Selling spree came after return of emerging market concern due to:
1 Worries over likely acceleration in inflation and current account deficits in emerging-market countries after WTI crude price surged by 12.8 per cent in four consecutive weeks to US$77 per barrel, a 4-year high;
2 US Dollar Index’s appreciation by 1.7 per cent in five straight days and US 10-year bond yield’s sharp rise by 10.5 bps to a 7-year record high of 3.185 per cent from strong US economic figures – ISM, US employment and Fed chairman’s statement;
3 Fed Chairman Jerome Powell’s saying on October 2 surprised emerging markets and strengthened US dollar, stating “Interest rates are still accommodative, but we’re gradually moving to a place where they’ll be neutral,” “We may go past neutral. But we’re a long way from neutral at this point, probably,” and “The practical way we can navigate between moving too fast and moving too slow is to move gradually.”

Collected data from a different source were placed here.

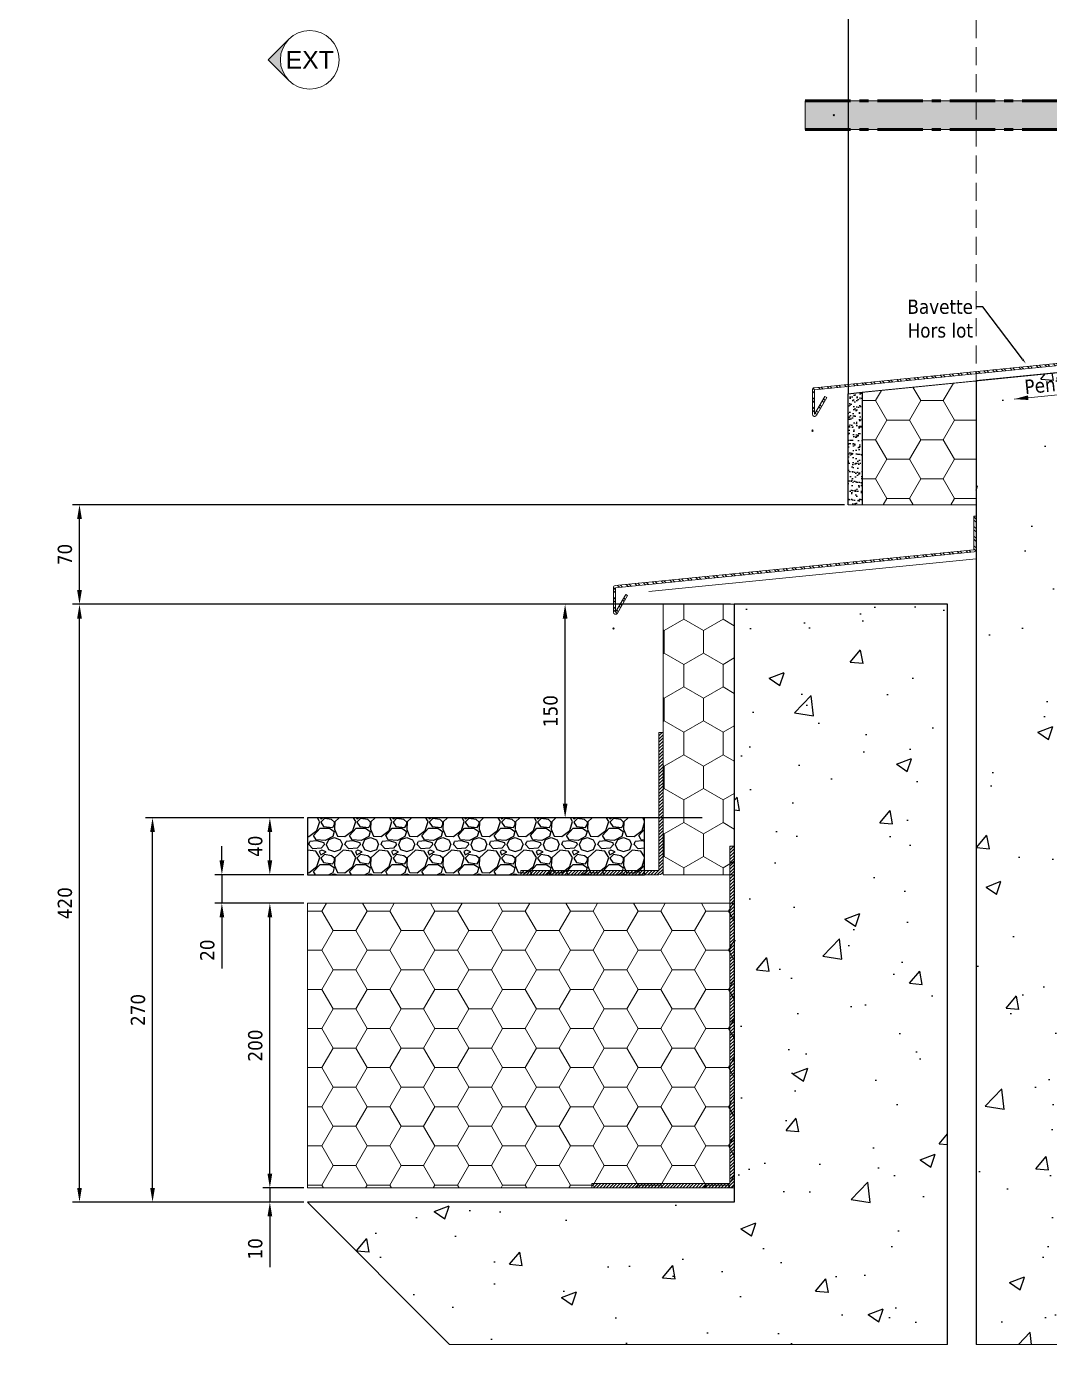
# Model space of a CAD drawing. Header units: millimetres. Extents: x -20000 to 230000, y -17405 to 25402.
# Drawn here: x 132670 to 133389, y -5129 to -4200 of the extents above; entities that cross this region are included whole.
import ezdxf
from ezdxf import colors
from ezdxf.entities.mleader import LeaderData, LeaderLine
from ezdxf.math import Vec2, Vec3

# ---------------------------------------------------------------- set-up
doc = ezdxf.new("R2010")
doc.units = ezdxf.units.MM
doc.header["$PDMODE"] = 35
doc.header["$PDSIZE"] = 0.5
doc.linetypes.add('AXES', pattern=[50.800000000000004, 31.75, -6.35, 6.35, -6.35])
doc.linetypes.add('CACHE', pattern=[9.524999999999999, 6.35, -3.175])
doc.layers.get('0').update_dxf_attribs({"lineweight": 13})
doc.layers.get('Defpoints').update_dxf_attribs({"true_color": 0xc2a584})
doc.layers.add('0 - Invisible', color=43, linetype='Continuous', lineweight=0, plot=False)
for name, color, linetype, lineweight in [('1 - Acier', 160, 'Continuous', 13), ('1 - Aluminium', 150, 'Continuous', 13), ('1 - Axe', 1, 'AXES', 0), ('1 - BETON', 251, 'Continuous', 25), ('1 - Cotation', 32, 'Continuous', 13), ('1 - INTERROMPU', 253, 'CACHE', 13), ('1 - Isolant', 132, 'Continuous', 13), ('1 - Texte', 7, 'Continuous', 13), ('Texte', 7, 'Continuous', 13)]:
    doc.layers.add(name, color=color, linetype=linetype, lineweight=lineweight)
doc.layers.add('1 - Cache', color=7, linetype='Continuous', lineweight=0, true_color=0xffffff)
doc.styles.get("Standard").update_dxf_attribs({"font": 'ARIALUNI.TTF'})
doc.styles.add('Texte Poralu', font='tahomabd.ttf')
doc.dimstyles.new('30 - 1000', dxfattribs={"dimtxt": 10, "dimasz": 10, "dimexe": 5, "dimexo": 2.5, "dimgap": 5, "dimtad": 1, "dimdec": 1, "dimtxsty": 'Texte Poralu', "dimcen": 5, "dimazin": 0, "dimtfac": 1, "dimtdec": 1, "dimtmove": 0, "dimatfit": 3, "dimfxl": 1, "dimarcsym": 0})
pattern_1 = [(45, (-46221.96198440698, -3069.638154843502), (-1.122532015133644, 1.122532015133644), [])]

# ---------------------------------------------------------------- blocks, each defined once
blk = doc.blocks.new('*D953')
at = {"layer": 'Defpoints', "color": 0, "lineweight": -2, "transparency": 16777216}
blk.add_line((134840.0000000001, -3795.668358777184), (134875.9922766959, -3795.668358777184), dxfattribs=at)
at = {"layer": 'Defpoints', "color": 0, "transparency": 16777216}
for p in [(134837.5000000001, -3795.668358777184), (134837.5000000002, -3795.668358777184), (130000, -6005.668358777197)]:
    blk.add_point(p, dxfattribs=at)
at = {"layer": 'Defpoints', "color": 0, "transparency": 16777216, "insert": (134859.2461383481, -3785.463523317143), "char_height": 10, "attachment_point": 5, "style": 'Texte Poralu'}
blk.add_mtext('2210', dxfattribs=at)
blk = doc.blocks.new('*D954')
at = {"layer": 'Defpoints', "color": 0, "lineweight": -2, "transparency": 16777216}
blk.add_line((135120.0000000001, -3615.668358777184), (135155.9922766959, -3615.668358777184), dxfattribs=at)
at = {"layer": 'Defpoints', "color": 0, "transparency": 16777216}
for p in [(135117.5000000001, -3615.668358777184), (135117.5000000002, -3615.668358777184), (130000, -6005.668358777197)]:
    blk.add_point(p, dxfattribs=at)
at = {"layer": 'Defpoints', "color": 0, "transparency": 16777216, "insert": (135139.2461383481, -3605.460165358782), "char_height": 10, "attachment_point": 5, "style": 'Texte Poralu'}
blk.add_mtext('2390', dxfattribs=at)
blk = doc.blocks.new('*D955')
at = {"layer": 'Defpoints', "color": 0, "lineweight": -2, "transparency": 16777216}
blk.add_line((135420.0000000001, -3505.668358777199), (135455.9922766959, -3505.668358777199), dxfattribs=at)
at = {"layer": 'Defpoints', "color": 0, "transparency": 16777216}
for p in [(135417.5000000001, -3505.668358777199), (135417.5000000001, -3505.668358777199), (130000, -6005.668358777197)]:
    blk.add_point(p, dxfattribs=at)
at = {"layer": 'Defpoints', "color": 0, "transparency": 16777216, "insert": (135439.246138348, -3495.463523317158), "char_height": 10, "attachment_point": 5, "style": 'Texte Poralu'}
blk.add_mtext('2500', dxfattribs=at)
blk = doc.blocks.new('*D956')
at = {"layer": 'Defpoints', "color": 0, "lineweight": -2, "transparency": 16777216}
blk.add_line((134750.0000000001, -3805.668358777184), (134785.9922766962, -3805.668358777184), dxfattribs=at)
at = {"layer": 'Defpoints', "color": 0, "transparency": 16777216}
for p in [(134747.5000000001, -3805.668358777184), (134747.5000000005, -3805.668358777184), (130000, -6005.668358777197)]:
    blk.add_point(p, dxfattribs=at)
at = {"layer": 'Defpoints', "color": 0, "transparency": 16777216, "insert": (134769.2461383484, -3795.463523317144), "char_height": 10, "attachment_point": 5, "style": 'Texte Poralu'}
blk.add_mtext('2200', dxfattribs=at)
blk = doc.blocks.new('*U1703')
at = {"layer": '1 - Isolant'}
h = blk.add_hatch(dxfattribs=at)
h.set_pattern_fill('HONEY', color=256, scale=5, style=0)
h.set_pattern_definition([(0, (-249.9999999999709, 99.99999999999999), (23.8125, 13.748153225), [15.875, -31.75]), (120, (-249.9999999999709, 99.99999999999999), (-23.81249994797095, 13.74815331511695), [15.87499999999999, -31.74999999999999]), (59.99999999999999, (-249.9999999999709, 99.99999999999999), (5.202904551637744e-08, 27.49630654011694), [-31.75, 15.875])])
h.paths.add_polyline_path([(-300, 200), (-300, 4.066777296862779e-14), (0, 0), (2.91038304567337e-11, 199.9999999999999)])
at = {"layer": '0 - Invisible'}
blk.add_lwpolyline([(-300, 200), (-300, 4.066777296862779e-14)], dxfattribs=at)
at = {"layer": '1 - Isolant'}
blk.add_lwpolyline([(-300, 4.066777296862779e-14), (0, 0), (2.91038304567337e-11, 199.9999999999999), (-300, 200)], dxfattribs=at)
blk = doc.blocks.new('*U496')
at = {"layer": '1 - Aluminium'}
h = blk.add_hatch(dxfattribs=at)
h.set_pattern_fill('ANSI32', color=256, scale=0.5, angle=90, style=0)
h.set_pattern_definition([(135, (-119.9999999997436, -11.99999999997436), (-3.367596045400933, -3.367596045400933), []), (135, (-119.9999999997436, -9.754934999974356), (-3.367596045400933, -3.367596045400933), [])])
edge = h.paths.add_edge_path()
edge.add_line((-1.5, 30), (-1.5, 6.382419153728577))
edge.add_line((-1.5, 6.382419153728577), (-243.6492555782751, -17.83250640409878))
edge.add_arc((-243.4999999997436, -19.32506218941381), 1.500000000000036, 95.71059313749826, 179.9999999999985)
edge.add_line((-244.9999999997436, -19.32506218941377), (-244.9999999997436, -36.46758084624561))
edge.add_arc((-243.4999999997436, -36.4675808462456), 1.500000000000028, 180.0000000000003, 329.9999999999998)
edge.add_line((-242.2009618940669, -37.21758084624561), (-234.9999999997436, -24.74514898191019))
edge.add_line((-234.9999999997436, -24.74514898191019), (-236.2990381054202, -23.99514898191019))
edge.add_line((-236.2990381054202, -23.99514898191019), (-243.4999999997436, -36.46758084624561))
edge.add_line((-243.4999999997436, -36.46758084624561), (-243.4999999997436, -19.32506218941392))
edge.add_line((-243.4999999997436, -19.32506218941392), (-1.350744421468505, 4.889863368413593))
edge.add_arc((-1.5, 6.382419153728577), 1.5, 275.7105931374996, 360)
edge.add_line((2.220446049250313e-16, 6.382419153728577), (0, 30))
edge.add_line((0, 30), (-1.5, 30))
at = {"layer": '0 - Invisible'}
blk.add_lwpolyline([(0, 0), (-219.9999999997436, -21.99999999997436)], dxfattribs=at)
blk.add_point((-244.9999999997436, -47.96758084624562), dxfattribs=at)
at = {"layer": '1 - Aluminium'}
blk.add_lwpolyline([(-1.5, 30), (-1.5, 6.382419153728577), (-243.6492555782751, -17.83250640409878, 0.3853135861201776), (-244.9999999997436, -19.32506218941377), (-244.9999999997436, -36.46758084624561, 0.7673269879789602), (-242.2009618940669, -37.21758084624561), (-234.9999999997436, -24.74514898191019), (-236.2990381054202, -23.99514898191019), (-243.4999999997436, -36.46758084624561), (-243.4999999997436, -19.32506218941392), (-1.350744421468502, 4.889863368413593, 0.3853135861201796), (2.220446049250313e-16, 6.382419153728577), (0, 30)], format="xyb", close=True, dxfattribs=at)
blk = doc.blocks.new('*U198')
h = blk.add_hatch(color=256)
edge = h.paths.add_edge_path()
edge.add_line((-29.16815472393788, 0), (-14.58407736197061, -14.58407736196894))
edge.add_arc((1.326938559031987e-11, 1.103117597267556e-11), 20.62500000001327, 180.0000000000306, 224.9999999999923, ccw=False)
edge.add_arc((8.125056183416746e-12, -8.900435943814955e-12), 20.62500000000813, 135.0000000000017, 179.9999999999753, ccw=False)
edge.add_line((-14.58407736197061, 14.58407736196894), (-29.16815472393788, 0))
for p, q in [((-14.58407736197061, 14.58407736196894), (-29.16815472393787, 0.001705469134321902)), ((-29.16815472393787, 0.001705469134321902), (-14.58407736196841, -14.58407736197114))]:
    blk.add_line(p, q)
blk.add_circle((0, 0), 20.625)
at = {"insert": (0, 0), "char_height": 12.5, "attachment_point": 5}
blk.add_mtext('EXT', dxfattribs=at)
blk = doc.blocks.new('*U225')
at = {"layer": '1 - Cache'}
blk.add_hatch(color=256, dxfattribs=at).paths.add_polyline_path([(-20, -10), (400.0000000000182, -10), (400.0000000000182, 10), (-20, 10)])
at = {"layer": '0 - Invisible'}
blk.add_lwpolyline([(-20, -10), (400.0000000000182, -10), (400.0000000000182, 10), (-20, 10)], close=True, dxfattribs=at)
for p in [(0, 0), (380.0000000000182, 0)]:
    blk.add_point(p, dxfattribs=at)
at = {"layer": '1 - Axe', "lineweight": 50}
for p, q in [((-20, 10), (400.0000000000182, 10)), ((-20, -10), (400.0000000000182, -10))]:
    blk.add_line(p, q, dxfattribs=at)
blk = doc.blocks.new('*D1782')
at = {"layer": 'Defpoints', "color": 0, "lineweight": -2, "transparency": 16777216}
blk.add_line((133340.0000000001, -3795.668358777184), (133375.9922766959, -3795.668358777184), dxfattribs=at)
at = {"layer": 'Defpoints', "color": 0, "transparency": 16777216}
for p in [(133337.5000000001, -3795.668358777184), (133337.5000000002, -3795.668358777184), (128500, -6005.668358777197)]:
    blk.add_point(p, dxfattribs=at)
at = {"layer": 'Defpoints', "color": 0, "transparency": 16777216, "insert": (133359.2461383481, -3785.463523317143), "char_height": 10, "attachment_point": 5, "style": 'Texte Poralu'}
blk.add_mtext('2210', dxfattribs=at)
blk = doc.blocks.new('*D1783')
at = {"layer": 'Defpoints', "color": 0, "lineweight": -2, "transparency": 16777216}
blk.add_line((133620.0000000001, -3615.668358777184), (133655.9922766959, -3615.668358777184), dxfattribs=at)
at = {"layer": 'Defpoints', "color": 0, "transparency": 16777216}
for p in [(133617.5000000001, -3615.668358777184), (133617.5000000002, -3615.668358777184), (128500, -6005.668358777197)]:
    blk.add_point(p, dxfattribs=at)
at = {"layer": 'Defpoints', "color": 0, "transparency": 16777216, "insert": (133639.2461383481, -3605.460165358782), "char_height": 10, "attachment_point": 5, "style": 'Texte Poralu'}
blk.add_mtext('2390', dxfattribs=at)
blk = doc.blocks.new('*D1784')
at = {"layer": 'Defpoints', "color": 0, "lineweight": -2, "transparency": 16777216}
blk.add_line((133920.0000000001, -3505.668358777199), (133955.9922766959, -3505.668358777199), dxfattribs=at)
at = {"layer": 'Defpoints', "color": 0, "transparency": 16777216}
for p in [(133917.5000000001, -3505.668358777199), (133917.5000000001, -3505.668358777199), (128500, -6005.668358777197)]:
    blk.add_point(p, dxfattribs=at)
at = {"layer": 'Defpoints', "color": 0, "transparency": 16777216, "insert": (133939.246138348, -3495.463523317158), "char_height": 10, "attachment_point": 5, "style": 'Texte Poralu'}
blk.add_mtext('2500', dxfattribs=at)
blk = doc.blocks.new('*D1785')
at = {"layer": 'Defpoints', "color": 0, "lineweight": -2, "transparency": 16777216}
blk.add_line((133250.0000000001, -3805.668358777184), (133285.9922766962, -3805.668358777184), dxfattribs=at)
at = {"layer": 'Defpoints', "color": 0, "transparency": 16777216}
for p in [(133247.5000000001, -3805.668358777184), (133247.5000000005, -3805.668358777184), (128500, -6005.668358777197)]:
    blk.add_point(p, dxfattribs=at)
at = {"layer": 'Defpoints', "color": 0, "transparency": 16777216, "insert": (133269.2461383484, -3795.463523317144), "char_height": 10, "attachment_point": 5, "style": 'Texte Poralu'}
blk.add_mtext('2200', dxfattribs=at)
blk = doc.blocks.new('*D1796')
at = {"layer": '1 - Cotation', "color": 0, "lineweight": -2, "transparency": 16777216}
for p, q in [((132841.1346145636, -5006.26779066063), (132841.1346145636, -4996.26779066063)), ((132865, -5016.26779066063), (132836.1346145636, -5016.26779066063)), ((132841.1346145636, -5016.26779066063), (132841.1346145636, -5026.26779066063)), ((132865, -5026.26779066063), (132836.1346145636, -5026.26779066063)), ((132841.1346145636, -5036.26779066063), (132841.1346145636, -5071.949456207977))]:
    blk.add_line(p, q, dxfattribs=at)
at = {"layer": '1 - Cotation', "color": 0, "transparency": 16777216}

These concerns will disturb emerging markets consistently in 4Q18 with USD and crude prices as the key impact factors.
If both rise continuously, there could be concerns over attacks on EM currencies again.
Thailand is expected to weather limited impact due to its status as a safe haven. But we need to be careful of market sentiment which could pressure the SET Index.
Other factors to follow-up are: 1) US President Donald Trump’s twitter on the Fed’s US rate hikes and crude price direction; 2) Interview of regional Fed chairmen; and 3) FOMC Minutes which will be released on October 18. Most FOMC members are expected to support gradual US rate hikes. – Prakit Sirivattanaket, Vice President, Kasikorn Securities
VIEW ON PROPERTY
The Bank of Thailand’s planned regulations on property loans will have direct impacts on the property sector, particularly developers who earn a high proportion of their incomes from high-rise units (condominiums) as most of the buyers do so for investment purpose or as a second residential unit, and depend on loan: ANAN and LPN.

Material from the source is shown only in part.